■ **Exercise details**
Your job is to copy the lines from the material that include "CONTINUOUS".

++++

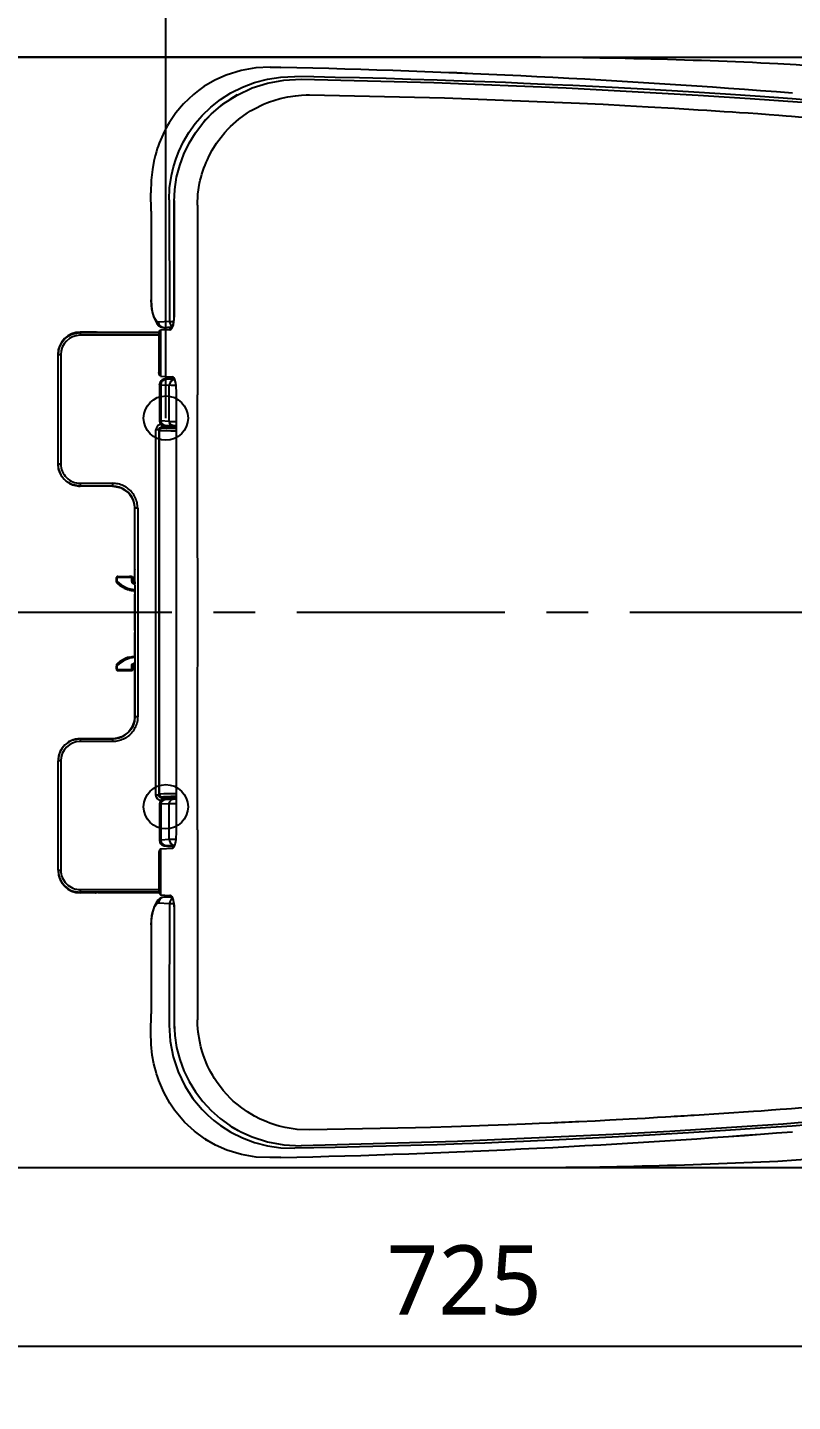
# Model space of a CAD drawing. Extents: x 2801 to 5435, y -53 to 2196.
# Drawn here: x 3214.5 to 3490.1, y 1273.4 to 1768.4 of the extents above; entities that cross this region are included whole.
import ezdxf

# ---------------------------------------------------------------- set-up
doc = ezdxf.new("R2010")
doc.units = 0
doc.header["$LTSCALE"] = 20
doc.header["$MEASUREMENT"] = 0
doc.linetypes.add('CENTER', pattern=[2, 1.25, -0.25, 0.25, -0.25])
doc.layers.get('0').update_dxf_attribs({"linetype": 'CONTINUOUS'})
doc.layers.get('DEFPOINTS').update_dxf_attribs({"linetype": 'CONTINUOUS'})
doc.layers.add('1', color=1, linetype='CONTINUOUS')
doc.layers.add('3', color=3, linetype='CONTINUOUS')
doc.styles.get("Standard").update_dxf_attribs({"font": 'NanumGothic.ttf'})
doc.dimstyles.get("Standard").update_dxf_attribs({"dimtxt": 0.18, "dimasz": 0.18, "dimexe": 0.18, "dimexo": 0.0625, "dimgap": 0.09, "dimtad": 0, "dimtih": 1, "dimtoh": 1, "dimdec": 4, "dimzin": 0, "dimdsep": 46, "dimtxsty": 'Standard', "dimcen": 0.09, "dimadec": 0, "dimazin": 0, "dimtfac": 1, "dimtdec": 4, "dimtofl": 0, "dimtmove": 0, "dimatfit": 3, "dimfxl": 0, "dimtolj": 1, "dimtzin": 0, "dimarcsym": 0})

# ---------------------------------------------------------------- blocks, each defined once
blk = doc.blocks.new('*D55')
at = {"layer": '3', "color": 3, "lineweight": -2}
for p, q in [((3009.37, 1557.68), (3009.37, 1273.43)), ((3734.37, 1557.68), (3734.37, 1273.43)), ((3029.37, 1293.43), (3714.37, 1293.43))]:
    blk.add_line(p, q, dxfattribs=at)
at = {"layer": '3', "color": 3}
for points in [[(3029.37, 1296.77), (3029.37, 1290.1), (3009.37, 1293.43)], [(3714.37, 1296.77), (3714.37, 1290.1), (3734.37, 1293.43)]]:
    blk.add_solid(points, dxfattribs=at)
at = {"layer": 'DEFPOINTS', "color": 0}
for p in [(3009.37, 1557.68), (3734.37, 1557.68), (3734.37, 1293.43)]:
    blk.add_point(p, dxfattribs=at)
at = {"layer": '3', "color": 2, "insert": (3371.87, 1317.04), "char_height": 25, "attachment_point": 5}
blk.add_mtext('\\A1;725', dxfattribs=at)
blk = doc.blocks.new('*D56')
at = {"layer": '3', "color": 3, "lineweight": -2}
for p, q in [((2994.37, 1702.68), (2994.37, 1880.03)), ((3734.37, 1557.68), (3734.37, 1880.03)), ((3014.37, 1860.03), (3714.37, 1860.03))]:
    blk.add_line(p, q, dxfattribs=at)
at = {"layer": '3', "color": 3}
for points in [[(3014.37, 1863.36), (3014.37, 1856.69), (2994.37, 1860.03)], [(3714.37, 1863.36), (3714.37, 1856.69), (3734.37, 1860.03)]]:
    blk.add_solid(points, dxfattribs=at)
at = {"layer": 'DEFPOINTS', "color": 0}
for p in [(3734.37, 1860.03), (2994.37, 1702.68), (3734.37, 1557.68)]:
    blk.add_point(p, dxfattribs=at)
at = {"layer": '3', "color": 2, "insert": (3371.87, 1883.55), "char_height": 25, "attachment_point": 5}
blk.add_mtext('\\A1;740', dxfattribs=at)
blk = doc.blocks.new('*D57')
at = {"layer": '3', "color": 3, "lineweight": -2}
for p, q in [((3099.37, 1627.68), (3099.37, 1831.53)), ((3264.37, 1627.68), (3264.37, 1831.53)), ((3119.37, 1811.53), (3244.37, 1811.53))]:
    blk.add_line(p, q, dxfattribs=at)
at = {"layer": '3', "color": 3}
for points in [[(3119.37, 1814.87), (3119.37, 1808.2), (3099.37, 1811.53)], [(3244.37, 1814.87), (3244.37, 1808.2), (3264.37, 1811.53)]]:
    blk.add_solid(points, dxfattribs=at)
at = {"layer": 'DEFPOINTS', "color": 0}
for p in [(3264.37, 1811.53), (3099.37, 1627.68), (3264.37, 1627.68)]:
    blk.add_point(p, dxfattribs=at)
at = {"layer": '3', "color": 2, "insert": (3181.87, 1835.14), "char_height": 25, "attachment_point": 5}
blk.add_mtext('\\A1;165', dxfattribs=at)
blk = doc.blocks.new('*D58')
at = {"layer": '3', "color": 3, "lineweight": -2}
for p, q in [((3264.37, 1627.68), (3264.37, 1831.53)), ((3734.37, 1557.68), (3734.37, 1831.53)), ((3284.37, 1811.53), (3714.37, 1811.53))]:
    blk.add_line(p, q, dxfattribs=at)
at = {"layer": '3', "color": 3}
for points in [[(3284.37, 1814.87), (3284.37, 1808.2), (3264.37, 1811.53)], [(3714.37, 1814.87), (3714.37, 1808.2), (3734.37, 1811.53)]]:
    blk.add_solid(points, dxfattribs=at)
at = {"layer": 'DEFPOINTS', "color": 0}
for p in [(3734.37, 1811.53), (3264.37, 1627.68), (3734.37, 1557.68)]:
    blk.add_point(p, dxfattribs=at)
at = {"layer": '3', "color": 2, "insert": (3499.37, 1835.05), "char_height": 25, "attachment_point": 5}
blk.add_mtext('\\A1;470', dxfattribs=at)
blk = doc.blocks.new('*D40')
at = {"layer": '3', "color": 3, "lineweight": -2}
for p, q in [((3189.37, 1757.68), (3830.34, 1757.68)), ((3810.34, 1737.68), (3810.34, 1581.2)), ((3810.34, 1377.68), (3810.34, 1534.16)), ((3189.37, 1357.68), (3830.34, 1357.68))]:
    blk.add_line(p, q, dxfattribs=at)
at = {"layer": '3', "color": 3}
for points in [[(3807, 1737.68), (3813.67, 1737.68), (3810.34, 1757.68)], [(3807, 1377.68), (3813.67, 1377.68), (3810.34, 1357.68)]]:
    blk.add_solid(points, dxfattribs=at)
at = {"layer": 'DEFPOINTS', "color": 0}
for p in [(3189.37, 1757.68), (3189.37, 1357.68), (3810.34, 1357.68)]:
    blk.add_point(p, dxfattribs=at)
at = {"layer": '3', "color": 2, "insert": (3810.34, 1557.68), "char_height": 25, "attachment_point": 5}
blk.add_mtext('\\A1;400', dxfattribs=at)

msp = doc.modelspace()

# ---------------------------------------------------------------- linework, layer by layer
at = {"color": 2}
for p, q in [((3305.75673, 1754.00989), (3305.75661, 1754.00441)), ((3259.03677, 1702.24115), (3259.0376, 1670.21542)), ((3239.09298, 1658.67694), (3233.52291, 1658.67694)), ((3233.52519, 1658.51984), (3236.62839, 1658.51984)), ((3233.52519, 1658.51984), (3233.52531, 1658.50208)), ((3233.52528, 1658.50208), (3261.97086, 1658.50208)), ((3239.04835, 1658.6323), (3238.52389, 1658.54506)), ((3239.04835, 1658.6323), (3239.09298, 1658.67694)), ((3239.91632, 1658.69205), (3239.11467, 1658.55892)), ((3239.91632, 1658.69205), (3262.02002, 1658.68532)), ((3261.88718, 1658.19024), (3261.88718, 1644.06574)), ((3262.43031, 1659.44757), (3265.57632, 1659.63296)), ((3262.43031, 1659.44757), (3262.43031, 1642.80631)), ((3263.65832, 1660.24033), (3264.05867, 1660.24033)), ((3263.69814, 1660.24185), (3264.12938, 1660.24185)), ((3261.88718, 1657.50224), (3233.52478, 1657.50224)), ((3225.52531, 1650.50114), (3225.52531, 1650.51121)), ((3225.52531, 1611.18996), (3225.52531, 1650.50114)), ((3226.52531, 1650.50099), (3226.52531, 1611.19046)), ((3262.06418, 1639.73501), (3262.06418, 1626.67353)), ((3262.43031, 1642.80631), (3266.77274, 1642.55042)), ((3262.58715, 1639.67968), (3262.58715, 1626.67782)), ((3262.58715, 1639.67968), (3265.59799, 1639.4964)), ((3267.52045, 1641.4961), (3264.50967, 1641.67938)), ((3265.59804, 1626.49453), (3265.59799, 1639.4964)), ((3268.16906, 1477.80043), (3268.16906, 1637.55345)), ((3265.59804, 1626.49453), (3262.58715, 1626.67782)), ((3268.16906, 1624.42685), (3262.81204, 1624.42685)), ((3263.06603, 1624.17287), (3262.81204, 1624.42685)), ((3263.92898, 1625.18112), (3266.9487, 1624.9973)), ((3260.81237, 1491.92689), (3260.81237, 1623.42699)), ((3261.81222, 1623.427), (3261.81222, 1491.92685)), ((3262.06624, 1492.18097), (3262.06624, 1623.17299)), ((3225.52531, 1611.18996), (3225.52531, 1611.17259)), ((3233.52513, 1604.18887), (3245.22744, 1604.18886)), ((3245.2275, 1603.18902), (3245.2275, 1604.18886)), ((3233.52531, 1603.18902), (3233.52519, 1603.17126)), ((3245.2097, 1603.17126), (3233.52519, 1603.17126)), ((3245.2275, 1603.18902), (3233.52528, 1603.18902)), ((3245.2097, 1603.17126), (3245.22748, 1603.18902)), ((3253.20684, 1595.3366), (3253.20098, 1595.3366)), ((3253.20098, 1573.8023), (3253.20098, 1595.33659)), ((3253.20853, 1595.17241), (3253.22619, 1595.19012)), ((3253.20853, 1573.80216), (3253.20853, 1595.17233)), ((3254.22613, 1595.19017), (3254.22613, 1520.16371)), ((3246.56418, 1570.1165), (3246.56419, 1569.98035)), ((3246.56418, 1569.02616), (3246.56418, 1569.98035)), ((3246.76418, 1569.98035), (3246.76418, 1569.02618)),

++++

■ **Result for this task**
doc.layers.get('0').update_dxf_attribs({"linetype": 'CONTINUOUS'})
doc.layers.get('DEFPOINTS').update_dxf_attribs({"linetype": 'CONTINUOUS'})
doc.layers.add('1', color=1, linetype='CONTINUOUS')
doc.layers.add('3', color=3, linetype='CONTINUOUS')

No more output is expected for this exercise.